**What the exercise asks:**
From the listing below, count the lines that contain the string "units", then state only that number.
═════ Working data ═════
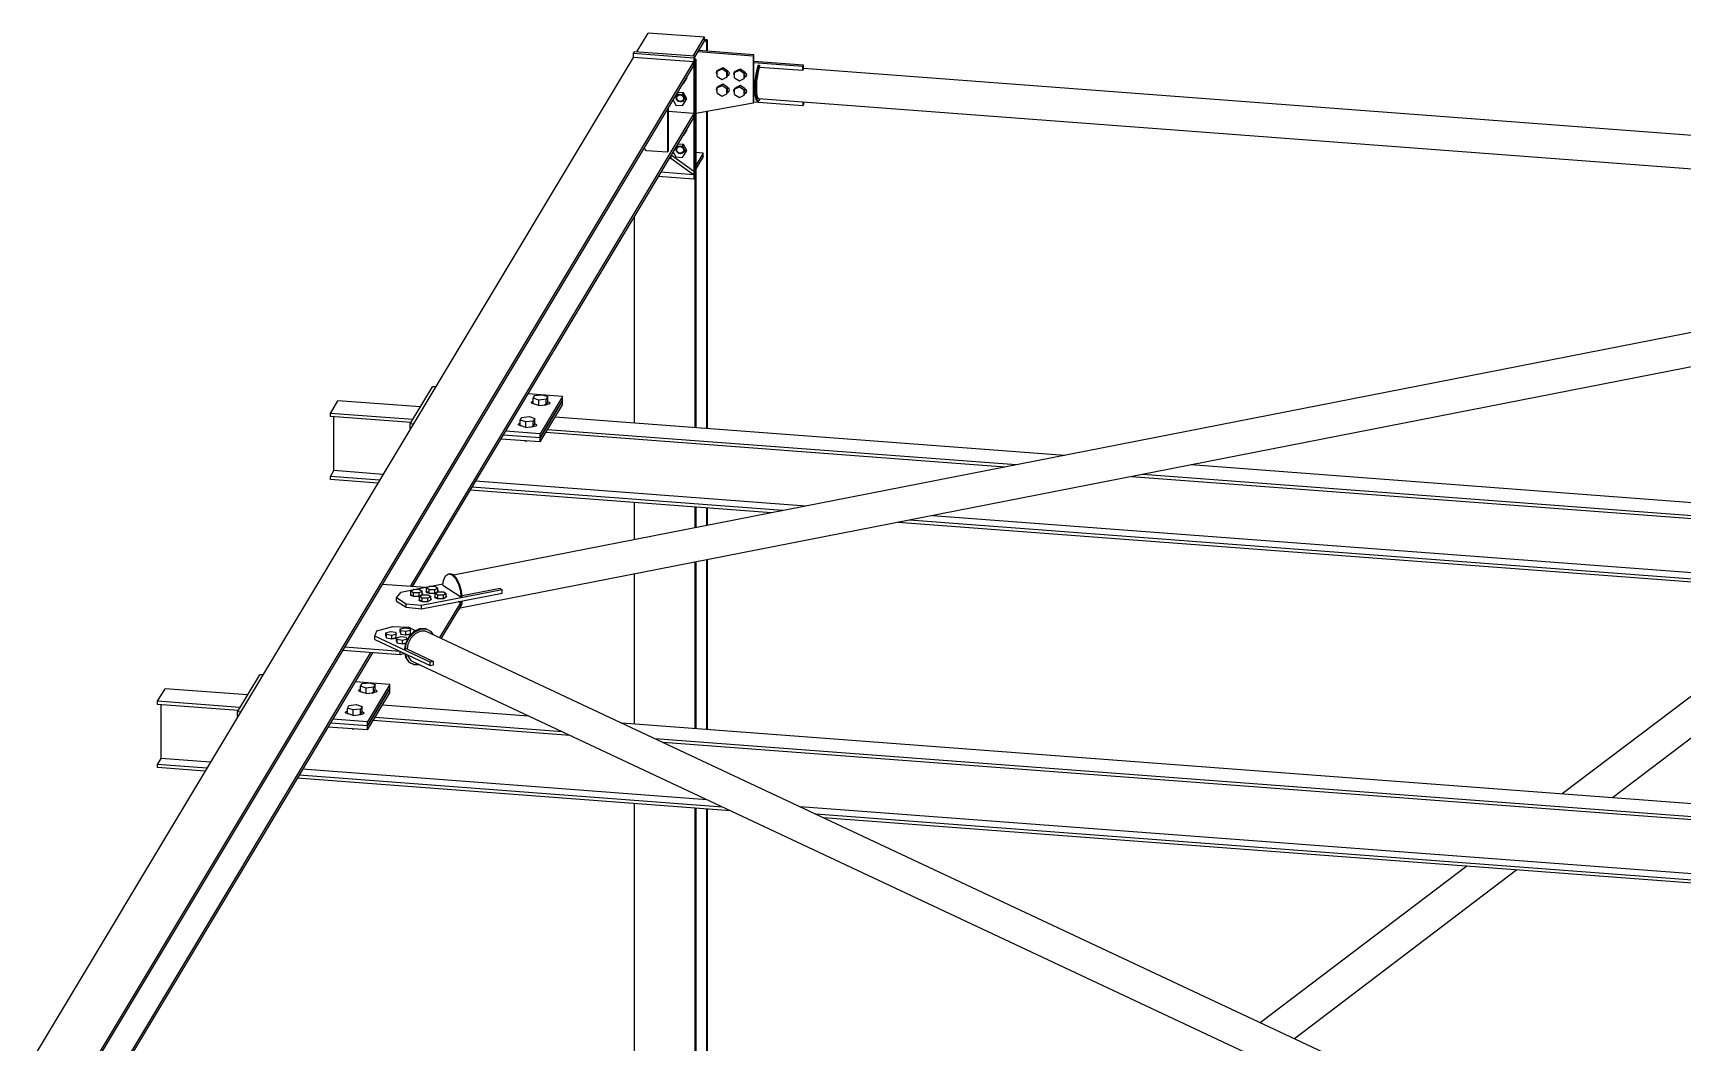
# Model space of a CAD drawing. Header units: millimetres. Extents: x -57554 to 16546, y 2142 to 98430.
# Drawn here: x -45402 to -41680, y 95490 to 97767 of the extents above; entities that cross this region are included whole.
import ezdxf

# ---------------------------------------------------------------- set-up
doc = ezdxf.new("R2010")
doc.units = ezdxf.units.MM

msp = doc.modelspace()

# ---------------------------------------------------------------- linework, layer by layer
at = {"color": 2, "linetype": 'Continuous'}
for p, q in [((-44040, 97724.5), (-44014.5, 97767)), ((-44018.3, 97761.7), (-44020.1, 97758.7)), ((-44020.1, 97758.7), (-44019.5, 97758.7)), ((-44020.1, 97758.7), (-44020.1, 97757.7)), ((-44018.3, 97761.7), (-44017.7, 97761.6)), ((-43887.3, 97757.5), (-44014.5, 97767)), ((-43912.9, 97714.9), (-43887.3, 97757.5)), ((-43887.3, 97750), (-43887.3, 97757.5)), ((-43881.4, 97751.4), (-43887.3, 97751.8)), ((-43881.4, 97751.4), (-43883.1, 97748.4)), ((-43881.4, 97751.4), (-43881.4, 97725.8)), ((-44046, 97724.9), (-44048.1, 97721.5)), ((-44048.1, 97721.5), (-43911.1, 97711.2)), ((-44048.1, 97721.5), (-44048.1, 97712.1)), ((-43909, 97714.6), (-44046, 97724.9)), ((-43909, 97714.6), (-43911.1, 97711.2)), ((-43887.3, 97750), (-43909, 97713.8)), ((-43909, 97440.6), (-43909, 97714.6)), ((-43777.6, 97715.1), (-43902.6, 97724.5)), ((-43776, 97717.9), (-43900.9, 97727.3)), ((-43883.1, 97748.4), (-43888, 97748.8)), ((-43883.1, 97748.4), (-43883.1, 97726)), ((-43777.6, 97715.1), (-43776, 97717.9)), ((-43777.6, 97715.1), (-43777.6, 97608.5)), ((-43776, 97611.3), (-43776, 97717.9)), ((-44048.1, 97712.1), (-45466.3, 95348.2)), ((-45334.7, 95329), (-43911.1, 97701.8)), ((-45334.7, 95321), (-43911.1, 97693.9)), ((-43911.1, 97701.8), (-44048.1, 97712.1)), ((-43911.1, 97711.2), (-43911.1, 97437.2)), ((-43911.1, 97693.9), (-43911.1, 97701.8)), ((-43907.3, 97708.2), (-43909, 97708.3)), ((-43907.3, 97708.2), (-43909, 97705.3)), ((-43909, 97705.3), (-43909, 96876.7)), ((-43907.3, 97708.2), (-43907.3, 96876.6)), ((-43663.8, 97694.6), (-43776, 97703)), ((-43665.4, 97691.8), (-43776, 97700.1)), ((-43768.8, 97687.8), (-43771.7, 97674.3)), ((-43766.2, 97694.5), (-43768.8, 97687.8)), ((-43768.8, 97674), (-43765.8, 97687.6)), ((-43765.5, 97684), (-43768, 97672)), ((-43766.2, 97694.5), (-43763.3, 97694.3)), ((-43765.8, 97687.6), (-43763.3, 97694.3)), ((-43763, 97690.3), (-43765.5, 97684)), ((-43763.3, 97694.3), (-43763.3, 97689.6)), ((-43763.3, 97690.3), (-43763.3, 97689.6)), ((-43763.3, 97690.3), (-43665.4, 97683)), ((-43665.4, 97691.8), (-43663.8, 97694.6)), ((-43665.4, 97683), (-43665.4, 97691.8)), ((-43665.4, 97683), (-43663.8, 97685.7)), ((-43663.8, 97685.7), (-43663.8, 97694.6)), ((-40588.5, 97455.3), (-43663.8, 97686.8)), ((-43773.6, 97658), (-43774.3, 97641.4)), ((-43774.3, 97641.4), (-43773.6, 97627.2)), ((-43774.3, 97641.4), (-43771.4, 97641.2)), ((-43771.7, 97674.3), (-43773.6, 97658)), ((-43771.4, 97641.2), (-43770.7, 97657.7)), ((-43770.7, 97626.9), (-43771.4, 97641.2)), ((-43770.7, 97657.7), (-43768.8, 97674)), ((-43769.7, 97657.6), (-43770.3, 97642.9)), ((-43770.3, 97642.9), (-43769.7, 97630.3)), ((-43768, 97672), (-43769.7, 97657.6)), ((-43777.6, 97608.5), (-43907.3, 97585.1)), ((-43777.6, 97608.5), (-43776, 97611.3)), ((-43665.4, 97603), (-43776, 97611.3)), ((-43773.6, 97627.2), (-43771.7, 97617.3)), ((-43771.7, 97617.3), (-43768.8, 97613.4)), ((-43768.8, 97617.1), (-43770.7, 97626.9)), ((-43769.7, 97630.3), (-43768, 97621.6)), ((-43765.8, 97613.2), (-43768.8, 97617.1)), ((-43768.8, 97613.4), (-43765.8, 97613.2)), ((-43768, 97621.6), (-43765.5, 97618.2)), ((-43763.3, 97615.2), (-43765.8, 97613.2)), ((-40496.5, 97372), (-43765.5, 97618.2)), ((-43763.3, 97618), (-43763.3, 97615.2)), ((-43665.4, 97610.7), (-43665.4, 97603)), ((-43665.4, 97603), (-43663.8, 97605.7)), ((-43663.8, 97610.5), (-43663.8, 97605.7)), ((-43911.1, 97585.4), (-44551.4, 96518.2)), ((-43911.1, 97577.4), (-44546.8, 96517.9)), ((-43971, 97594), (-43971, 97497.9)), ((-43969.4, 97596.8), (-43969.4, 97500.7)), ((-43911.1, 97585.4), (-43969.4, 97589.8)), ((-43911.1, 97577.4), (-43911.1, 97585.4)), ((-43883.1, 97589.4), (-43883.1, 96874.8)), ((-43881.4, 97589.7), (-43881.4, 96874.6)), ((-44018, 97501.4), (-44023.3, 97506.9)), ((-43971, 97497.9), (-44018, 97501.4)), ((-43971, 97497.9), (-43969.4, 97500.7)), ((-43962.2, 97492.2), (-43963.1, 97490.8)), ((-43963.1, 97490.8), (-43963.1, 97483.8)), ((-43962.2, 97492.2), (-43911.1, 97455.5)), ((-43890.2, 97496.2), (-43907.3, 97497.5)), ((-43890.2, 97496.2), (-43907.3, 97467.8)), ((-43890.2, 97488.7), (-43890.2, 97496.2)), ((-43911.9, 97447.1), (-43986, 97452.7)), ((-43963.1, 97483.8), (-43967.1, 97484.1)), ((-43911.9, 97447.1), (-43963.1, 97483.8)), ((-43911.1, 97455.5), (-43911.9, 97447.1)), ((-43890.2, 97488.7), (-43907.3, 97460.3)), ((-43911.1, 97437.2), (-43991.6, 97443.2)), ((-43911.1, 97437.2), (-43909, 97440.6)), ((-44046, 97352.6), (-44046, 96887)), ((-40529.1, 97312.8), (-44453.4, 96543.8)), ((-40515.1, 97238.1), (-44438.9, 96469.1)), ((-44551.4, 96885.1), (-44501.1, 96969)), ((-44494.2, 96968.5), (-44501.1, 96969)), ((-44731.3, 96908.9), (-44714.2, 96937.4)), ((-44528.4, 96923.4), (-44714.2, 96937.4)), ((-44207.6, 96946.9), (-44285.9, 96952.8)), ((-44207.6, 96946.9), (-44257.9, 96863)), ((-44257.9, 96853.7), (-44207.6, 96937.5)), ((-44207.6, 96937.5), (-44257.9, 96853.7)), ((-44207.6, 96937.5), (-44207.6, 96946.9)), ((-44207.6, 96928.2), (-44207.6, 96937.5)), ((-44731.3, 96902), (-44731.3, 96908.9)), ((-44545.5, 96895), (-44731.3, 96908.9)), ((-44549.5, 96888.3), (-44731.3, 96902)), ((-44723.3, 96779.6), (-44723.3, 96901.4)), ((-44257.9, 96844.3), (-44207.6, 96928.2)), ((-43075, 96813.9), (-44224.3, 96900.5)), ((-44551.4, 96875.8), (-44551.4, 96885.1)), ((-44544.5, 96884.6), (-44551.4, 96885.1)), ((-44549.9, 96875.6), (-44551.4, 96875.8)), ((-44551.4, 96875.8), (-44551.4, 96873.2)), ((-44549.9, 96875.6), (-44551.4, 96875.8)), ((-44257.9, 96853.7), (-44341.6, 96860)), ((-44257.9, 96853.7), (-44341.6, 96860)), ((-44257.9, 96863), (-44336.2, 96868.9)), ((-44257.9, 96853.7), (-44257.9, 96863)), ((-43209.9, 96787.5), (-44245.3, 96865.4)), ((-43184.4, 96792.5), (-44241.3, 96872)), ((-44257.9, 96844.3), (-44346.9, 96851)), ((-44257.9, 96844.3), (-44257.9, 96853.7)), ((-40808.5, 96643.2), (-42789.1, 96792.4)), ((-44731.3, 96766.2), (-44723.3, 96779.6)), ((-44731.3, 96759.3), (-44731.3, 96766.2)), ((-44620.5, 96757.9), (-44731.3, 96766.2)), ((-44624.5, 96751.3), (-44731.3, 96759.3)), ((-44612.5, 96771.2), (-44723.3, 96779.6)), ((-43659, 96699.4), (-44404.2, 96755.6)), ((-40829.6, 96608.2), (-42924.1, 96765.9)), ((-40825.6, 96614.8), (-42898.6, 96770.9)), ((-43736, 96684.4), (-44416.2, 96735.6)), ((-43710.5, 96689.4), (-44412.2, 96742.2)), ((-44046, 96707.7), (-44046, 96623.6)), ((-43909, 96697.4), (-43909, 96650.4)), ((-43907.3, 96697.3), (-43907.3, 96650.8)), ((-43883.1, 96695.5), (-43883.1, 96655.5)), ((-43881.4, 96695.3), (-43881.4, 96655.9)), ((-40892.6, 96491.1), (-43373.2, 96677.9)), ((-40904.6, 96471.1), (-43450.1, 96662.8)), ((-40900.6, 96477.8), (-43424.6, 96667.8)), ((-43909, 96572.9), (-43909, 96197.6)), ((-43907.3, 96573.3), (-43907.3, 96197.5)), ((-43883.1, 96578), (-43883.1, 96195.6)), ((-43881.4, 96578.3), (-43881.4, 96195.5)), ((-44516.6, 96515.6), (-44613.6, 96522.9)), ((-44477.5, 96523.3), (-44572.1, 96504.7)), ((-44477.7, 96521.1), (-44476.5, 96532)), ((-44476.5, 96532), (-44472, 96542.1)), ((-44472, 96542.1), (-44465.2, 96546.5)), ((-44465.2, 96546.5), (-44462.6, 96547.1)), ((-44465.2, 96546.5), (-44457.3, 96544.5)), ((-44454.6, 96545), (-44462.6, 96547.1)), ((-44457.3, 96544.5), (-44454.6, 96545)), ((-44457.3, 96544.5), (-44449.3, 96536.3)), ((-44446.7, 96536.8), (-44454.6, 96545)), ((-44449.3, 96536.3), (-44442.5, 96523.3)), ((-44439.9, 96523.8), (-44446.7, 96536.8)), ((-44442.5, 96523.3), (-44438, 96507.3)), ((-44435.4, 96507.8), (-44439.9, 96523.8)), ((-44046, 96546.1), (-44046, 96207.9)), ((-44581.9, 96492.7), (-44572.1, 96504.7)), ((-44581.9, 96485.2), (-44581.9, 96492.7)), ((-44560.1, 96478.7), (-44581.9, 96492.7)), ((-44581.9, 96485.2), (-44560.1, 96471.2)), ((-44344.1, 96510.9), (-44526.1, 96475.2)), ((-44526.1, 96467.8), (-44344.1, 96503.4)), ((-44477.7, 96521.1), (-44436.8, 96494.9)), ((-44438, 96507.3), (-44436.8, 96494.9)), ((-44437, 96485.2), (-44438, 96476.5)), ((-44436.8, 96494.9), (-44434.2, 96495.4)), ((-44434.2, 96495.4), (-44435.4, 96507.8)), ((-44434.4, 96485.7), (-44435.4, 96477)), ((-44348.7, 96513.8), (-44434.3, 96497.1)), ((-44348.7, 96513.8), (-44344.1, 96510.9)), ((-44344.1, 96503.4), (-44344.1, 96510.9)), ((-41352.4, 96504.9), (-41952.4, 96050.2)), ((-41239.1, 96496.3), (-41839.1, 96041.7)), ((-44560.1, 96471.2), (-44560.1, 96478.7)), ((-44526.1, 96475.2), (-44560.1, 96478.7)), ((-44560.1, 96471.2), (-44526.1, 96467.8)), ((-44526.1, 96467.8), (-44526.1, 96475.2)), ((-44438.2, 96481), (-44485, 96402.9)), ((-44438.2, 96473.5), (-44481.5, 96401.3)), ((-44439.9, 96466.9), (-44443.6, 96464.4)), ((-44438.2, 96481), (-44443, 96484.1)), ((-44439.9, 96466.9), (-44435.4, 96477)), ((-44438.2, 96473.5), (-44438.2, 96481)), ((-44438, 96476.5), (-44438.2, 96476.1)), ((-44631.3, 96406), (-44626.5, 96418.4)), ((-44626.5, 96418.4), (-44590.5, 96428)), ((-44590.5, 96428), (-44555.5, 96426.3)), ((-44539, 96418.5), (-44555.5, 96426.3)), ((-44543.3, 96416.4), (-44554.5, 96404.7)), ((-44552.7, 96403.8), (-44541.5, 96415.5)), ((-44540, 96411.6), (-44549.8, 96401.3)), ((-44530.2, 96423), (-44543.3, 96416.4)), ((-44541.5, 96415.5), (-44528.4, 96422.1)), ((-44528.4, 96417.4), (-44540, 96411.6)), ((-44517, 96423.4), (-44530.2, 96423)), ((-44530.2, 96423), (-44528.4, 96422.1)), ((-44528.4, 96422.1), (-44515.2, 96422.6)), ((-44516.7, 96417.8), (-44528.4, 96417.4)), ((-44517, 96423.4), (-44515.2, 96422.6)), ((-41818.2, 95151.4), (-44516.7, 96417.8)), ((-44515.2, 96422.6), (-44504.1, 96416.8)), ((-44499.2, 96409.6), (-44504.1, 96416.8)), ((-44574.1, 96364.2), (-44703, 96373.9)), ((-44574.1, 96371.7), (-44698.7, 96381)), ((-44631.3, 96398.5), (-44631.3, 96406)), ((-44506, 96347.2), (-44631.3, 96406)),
═════
**Task output:**
2